Sitting in the green room just before he went onstage, his face was drawn. This was the most press he had ever done, an absolute blitz of TV and radio: the CBS evening and morning programs, “Amanpour & Company,” “Morning Joe.” “I would give anything for my book to be less timely,” he kept saying. Earlier, he’d met with USAID staffers; the conversation, he said simply, was “difficult.” These days, many were. In briefings he got from health workers, which were “usually quite dry,” people had been breaking down in tears.
“Ultimately, the legislative branch is going to have to do its job,” he said, unblinking. “Which is not just true for USAID – it’s also true across the board. The legislative branch is going to have to claim the power that is given to it in the Constitution, the power of the purse.”
After the book launch winds down, in April, Green will return to Washington, where he and other advocates will lobby lawmakers on Capitol Hill. The terrain of their fight has shifted tectonically. In the past, the system to detect, treat and prevent tuberculosis may have been frustratingly under-resourced – but it existed, and that bare fact represented America’s commitment to the ideal of global health. Now it has collapsed.
“I’m very discouraged,” Green said. (“Encouraged,” he writes in the book, is a word that Henry Reider particularly loves: “Who wouldn’t? Encouraged, like courage is something we rouse ourselves and others into.”)
“I’m deeply afraid,” he continued, borrowing a line from Auden: “But I also feel more determined than ever to use whatever voice I have to undo the folded lie.” The poem later continues: “There is no such thing as the State/ And no one exists alone.”
I asked Green whether he ever felt pressured to be optimistic. He let out a startling burst of laughter – AHAHAHA! – as if it were lettered all-caps, in a speech bubble above his head.
“That’s a great question, man. Because it’s my brand, you mean?” Green paused. “Well, yeah. But I also think – young people are, with very good reason, very prone to despair. And I am very prone to despair. I have to fight despair every day. For me, hope is not some abstract concept. It is a prerequisite for my survival. And so I don’t have room for hopelessness in my life. I’ve got to fight it. I’ve got to fight it everywhere I can. Because my life kind of depends on it.”
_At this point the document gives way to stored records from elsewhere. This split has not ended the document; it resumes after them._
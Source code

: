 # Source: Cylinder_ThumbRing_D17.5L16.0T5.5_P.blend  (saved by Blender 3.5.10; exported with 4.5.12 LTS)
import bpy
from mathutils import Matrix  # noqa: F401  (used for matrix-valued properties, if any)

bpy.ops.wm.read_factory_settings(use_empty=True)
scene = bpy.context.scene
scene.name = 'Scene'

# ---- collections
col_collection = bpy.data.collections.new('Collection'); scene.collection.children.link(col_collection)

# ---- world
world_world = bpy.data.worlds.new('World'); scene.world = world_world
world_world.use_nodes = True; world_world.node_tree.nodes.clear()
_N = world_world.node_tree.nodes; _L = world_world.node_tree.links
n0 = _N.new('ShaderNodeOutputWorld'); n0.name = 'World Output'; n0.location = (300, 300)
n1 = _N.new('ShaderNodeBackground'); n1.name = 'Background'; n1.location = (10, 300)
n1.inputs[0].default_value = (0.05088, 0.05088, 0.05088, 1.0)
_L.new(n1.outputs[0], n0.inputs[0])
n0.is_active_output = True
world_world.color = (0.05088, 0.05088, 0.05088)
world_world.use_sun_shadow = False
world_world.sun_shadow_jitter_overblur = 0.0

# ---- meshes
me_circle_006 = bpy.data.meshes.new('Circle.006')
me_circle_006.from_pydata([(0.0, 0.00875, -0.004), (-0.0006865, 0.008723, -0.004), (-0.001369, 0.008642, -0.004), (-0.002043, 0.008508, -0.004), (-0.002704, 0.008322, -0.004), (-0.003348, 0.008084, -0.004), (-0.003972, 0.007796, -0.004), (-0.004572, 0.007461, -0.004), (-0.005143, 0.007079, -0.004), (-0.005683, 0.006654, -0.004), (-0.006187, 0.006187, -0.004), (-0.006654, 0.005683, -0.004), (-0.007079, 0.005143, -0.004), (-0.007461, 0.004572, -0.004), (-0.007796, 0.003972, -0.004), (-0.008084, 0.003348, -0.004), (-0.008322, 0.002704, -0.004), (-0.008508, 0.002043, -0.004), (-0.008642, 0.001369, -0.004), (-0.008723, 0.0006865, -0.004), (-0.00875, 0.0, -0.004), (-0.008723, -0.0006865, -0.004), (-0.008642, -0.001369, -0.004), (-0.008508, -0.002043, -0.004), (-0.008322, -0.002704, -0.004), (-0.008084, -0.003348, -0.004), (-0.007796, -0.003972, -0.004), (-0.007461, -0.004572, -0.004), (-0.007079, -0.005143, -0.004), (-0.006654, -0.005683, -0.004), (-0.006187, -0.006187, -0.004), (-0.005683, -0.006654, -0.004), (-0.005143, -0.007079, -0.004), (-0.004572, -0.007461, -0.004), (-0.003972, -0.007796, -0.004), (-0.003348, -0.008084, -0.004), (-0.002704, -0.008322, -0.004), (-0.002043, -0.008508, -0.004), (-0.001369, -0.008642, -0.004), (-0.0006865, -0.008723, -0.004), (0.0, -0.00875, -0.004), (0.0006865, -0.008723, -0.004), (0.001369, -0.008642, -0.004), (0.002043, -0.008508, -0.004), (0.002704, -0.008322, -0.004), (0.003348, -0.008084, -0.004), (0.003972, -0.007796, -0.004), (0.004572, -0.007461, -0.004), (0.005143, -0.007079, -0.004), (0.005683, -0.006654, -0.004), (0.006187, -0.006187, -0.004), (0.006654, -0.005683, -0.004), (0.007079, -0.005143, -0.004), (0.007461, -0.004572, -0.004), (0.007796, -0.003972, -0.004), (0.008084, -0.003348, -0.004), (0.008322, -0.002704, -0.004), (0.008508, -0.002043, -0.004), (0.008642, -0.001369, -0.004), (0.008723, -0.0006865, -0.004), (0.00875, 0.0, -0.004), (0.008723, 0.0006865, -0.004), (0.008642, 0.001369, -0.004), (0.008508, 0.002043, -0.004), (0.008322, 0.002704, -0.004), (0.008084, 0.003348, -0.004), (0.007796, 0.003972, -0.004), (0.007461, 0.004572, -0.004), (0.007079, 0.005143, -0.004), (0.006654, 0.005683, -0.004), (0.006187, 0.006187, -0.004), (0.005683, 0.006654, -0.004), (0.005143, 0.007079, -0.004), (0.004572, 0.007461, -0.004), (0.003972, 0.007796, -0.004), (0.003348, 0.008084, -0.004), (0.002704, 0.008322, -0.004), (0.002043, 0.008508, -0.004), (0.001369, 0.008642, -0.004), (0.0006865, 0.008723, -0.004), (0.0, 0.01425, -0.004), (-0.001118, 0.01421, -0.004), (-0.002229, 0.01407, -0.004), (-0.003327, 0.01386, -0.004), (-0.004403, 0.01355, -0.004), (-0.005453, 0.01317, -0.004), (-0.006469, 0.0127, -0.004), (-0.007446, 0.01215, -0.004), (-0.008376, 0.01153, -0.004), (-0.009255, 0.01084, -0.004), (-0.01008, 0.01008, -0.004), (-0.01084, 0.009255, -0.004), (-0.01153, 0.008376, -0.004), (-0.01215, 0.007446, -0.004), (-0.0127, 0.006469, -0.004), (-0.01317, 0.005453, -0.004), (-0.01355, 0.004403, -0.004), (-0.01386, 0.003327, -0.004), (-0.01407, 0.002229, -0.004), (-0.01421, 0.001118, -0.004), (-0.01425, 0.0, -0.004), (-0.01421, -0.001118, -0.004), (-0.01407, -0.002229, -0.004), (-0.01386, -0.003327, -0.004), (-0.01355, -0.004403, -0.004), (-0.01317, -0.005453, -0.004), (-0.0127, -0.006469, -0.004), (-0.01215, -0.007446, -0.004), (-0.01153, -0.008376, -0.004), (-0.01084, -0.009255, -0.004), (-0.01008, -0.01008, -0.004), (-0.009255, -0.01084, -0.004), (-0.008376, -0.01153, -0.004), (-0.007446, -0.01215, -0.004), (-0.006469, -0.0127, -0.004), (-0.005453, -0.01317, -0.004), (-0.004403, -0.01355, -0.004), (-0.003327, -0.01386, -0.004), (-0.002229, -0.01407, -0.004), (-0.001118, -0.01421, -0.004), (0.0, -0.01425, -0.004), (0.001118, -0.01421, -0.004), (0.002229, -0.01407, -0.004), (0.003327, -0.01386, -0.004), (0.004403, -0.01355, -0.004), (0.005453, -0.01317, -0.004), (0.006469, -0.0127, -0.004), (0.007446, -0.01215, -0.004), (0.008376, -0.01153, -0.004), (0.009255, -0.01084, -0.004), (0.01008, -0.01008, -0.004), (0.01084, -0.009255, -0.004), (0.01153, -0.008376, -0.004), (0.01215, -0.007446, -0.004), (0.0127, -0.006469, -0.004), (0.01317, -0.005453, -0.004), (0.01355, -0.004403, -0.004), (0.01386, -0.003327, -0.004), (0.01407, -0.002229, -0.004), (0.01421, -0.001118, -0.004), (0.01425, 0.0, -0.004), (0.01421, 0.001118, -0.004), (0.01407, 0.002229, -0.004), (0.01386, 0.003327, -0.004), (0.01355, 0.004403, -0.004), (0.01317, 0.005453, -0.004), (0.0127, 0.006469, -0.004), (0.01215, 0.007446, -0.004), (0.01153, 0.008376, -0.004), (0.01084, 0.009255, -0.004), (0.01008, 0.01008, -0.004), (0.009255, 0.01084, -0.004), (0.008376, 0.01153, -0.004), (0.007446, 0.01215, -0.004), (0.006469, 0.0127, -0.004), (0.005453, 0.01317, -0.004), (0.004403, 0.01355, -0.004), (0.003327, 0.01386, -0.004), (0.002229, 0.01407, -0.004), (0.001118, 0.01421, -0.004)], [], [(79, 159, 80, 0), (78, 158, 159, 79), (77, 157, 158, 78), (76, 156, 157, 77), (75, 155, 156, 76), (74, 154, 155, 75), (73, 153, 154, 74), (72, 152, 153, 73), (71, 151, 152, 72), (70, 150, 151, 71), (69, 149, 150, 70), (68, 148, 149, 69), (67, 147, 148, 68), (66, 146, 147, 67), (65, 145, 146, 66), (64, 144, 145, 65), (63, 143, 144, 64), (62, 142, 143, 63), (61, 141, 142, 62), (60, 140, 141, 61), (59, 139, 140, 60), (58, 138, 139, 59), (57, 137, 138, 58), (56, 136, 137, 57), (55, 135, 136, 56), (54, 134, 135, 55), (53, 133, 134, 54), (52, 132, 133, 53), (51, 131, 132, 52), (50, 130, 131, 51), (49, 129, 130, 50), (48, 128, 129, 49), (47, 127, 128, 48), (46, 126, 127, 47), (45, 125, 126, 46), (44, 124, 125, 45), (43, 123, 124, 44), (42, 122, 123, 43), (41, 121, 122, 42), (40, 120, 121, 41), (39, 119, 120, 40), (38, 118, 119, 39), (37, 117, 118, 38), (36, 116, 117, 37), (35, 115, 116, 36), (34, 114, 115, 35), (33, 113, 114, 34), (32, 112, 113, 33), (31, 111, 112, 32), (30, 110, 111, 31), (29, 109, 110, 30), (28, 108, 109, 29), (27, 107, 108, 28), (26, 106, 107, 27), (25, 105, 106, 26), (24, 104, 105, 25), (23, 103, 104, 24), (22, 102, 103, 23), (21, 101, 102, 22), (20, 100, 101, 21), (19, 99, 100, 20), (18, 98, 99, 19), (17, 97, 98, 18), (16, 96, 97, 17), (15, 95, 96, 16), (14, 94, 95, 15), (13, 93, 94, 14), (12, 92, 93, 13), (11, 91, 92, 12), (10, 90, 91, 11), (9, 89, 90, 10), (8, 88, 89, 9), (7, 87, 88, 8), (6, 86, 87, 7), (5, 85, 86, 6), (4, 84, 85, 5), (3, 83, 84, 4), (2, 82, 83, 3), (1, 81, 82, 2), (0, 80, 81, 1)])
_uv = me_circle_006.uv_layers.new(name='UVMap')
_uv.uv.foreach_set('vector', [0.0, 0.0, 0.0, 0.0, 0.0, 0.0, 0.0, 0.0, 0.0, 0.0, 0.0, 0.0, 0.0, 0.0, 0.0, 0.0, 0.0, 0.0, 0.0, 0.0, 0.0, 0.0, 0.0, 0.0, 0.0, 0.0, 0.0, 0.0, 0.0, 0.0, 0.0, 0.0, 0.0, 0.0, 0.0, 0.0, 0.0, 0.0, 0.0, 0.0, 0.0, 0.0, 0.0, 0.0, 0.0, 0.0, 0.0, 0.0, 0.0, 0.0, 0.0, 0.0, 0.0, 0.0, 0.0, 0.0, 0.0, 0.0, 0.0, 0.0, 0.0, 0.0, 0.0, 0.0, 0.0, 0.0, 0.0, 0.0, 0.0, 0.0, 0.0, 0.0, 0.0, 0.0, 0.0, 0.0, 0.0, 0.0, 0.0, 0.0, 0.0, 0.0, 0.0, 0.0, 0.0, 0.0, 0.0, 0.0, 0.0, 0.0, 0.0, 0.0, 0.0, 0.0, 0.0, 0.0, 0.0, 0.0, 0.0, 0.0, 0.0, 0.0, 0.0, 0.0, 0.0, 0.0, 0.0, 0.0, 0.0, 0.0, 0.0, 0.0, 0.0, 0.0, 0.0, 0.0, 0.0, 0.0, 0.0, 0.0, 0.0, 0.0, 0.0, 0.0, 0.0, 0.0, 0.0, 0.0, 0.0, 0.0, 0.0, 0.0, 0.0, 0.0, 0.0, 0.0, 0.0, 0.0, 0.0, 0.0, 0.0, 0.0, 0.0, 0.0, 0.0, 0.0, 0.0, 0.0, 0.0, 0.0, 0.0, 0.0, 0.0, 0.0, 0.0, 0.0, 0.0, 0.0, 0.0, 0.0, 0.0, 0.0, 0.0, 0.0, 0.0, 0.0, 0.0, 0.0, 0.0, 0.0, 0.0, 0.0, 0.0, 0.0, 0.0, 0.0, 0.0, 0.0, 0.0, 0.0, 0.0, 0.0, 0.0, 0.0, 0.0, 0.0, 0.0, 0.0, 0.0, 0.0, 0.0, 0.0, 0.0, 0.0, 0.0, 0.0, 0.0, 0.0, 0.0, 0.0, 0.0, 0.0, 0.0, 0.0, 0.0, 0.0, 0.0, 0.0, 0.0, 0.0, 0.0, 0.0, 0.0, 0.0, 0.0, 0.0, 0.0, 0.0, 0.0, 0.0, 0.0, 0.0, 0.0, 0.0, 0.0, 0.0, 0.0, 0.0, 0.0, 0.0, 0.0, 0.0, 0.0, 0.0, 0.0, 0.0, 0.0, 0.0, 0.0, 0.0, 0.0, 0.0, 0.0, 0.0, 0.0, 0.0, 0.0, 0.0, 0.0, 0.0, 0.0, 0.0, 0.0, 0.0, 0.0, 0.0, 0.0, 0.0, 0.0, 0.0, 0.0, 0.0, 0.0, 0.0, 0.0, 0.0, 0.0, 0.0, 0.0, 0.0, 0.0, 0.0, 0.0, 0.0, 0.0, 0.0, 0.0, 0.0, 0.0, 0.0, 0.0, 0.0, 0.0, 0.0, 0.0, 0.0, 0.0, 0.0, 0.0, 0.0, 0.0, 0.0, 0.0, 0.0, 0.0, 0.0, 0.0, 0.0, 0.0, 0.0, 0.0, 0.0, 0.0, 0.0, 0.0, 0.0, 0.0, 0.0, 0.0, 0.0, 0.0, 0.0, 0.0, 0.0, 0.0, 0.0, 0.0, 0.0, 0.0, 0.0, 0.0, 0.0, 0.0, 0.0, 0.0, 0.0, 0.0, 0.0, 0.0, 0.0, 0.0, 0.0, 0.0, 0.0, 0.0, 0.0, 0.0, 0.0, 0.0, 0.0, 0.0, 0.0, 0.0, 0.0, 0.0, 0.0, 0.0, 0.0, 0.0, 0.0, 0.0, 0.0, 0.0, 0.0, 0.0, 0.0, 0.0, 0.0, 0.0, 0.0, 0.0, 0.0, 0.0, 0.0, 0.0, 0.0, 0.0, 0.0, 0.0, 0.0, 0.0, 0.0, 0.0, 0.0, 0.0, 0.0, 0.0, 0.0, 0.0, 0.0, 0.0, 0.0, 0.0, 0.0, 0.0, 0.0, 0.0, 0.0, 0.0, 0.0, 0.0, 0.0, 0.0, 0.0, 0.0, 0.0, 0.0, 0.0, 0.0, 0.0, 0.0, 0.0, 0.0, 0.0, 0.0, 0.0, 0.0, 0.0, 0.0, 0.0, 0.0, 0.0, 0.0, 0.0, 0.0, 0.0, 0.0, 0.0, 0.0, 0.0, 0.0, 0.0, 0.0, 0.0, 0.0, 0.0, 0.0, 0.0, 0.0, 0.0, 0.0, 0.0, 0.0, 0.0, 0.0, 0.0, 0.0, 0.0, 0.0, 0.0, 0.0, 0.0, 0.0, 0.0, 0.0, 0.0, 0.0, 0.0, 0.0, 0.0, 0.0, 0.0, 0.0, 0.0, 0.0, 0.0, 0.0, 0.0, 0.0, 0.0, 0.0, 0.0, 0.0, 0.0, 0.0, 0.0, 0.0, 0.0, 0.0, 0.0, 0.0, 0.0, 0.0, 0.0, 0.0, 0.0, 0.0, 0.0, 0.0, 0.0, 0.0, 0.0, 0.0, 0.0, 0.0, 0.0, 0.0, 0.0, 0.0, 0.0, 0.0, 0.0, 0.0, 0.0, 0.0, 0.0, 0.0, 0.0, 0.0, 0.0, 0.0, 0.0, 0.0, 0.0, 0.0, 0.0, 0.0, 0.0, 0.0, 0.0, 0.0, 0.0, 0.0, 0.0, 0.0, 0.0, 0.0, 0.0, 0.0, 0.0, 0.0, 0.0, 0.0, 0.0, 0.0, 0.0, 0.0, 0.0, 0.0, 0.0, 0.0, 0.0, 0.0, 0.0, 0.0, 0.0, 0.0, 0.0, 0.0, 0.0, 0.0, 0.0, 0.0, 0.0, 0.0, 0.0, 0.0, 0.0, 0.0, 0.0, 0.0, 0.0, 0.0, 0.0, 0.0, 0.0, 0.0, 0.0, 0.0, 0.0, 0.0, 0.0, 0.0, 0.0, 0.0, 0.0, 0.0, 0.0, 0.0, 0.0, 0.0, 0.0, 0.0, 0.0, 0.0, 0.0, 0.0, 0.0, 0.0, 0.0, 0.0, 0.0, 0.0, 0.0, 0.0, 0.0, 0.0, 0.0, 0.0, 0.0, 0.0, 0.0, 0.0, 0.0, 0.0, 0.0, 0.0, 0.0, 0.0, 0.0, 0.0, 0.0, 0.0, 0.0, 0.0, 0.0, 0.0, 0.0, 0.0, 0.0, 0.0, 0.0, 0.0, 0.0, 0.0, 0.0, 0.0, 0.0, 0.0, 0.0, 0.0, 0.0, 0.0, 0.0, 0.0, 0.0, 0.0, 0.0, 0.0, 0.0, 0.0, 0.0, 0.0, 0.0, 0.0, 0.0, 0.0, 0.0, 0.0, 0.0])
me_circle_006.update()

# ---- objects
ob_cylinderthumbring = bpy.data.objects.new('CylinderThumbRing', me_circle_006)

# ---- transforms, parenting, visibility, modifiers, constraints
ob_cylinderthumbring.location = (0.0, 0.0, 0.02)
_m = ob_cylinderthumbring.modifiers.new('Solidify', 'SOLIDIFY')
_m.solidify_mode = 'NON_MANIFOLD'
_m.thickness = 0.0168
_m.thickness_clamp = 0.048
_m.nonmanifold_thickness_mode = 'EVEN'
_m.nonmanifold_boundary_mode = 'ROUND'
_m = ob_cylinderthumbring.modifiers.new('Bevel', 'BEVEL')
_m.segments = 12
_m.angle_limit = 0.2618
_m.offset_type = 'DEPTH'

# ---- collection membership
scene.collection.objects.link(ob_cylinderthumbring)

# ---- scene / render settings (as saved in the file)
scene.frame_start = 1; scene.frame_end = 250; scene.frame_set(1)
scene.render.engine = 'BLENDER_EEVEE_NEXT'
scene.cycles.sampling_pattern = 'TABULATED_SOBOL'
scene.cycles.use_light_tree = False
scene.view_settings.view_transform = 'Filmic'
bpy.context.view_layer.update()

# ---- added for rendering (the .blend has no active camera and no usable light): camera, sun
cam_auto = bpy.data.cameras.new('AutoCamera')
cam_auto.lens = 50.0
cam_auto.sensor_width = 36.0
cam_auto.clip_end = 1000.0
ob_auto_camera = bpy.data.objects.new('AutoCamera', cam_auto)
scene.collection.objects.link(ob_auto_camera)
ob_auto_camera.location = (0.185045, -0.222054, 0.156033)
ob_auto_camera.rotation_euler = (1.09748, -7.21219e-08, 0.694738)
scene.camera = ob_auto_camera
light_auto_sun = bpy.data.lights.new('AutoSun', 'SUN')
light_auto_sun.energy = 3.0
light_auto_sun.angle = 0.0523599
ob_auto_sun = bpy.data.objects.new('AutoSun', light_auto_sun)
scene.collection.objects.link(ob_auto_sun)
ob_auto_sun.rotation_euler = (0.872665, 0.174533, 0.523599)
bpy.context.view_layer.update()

Perhaps one, small cause for hope: Nearly all the events on his cross-country tour were sold out. That night, when Green went onstage, it resembled nothing so much as a secular prayer service. He read aloud from a shared text. He gave a homily of sorts, about how though we may all feel we are living at the end of history, we are living in the middle, and it falls to us to fight for a better outcome. He even led the room in collective song, “a battle cry for hope,” to the tune of “Auld Lang Syne”: “We’re here because we’re here, because we’re here, because we’re here.”
The next morning, on his way out of town, Green ducked into the Hudson News at Union Station. He signed four more copies of the book.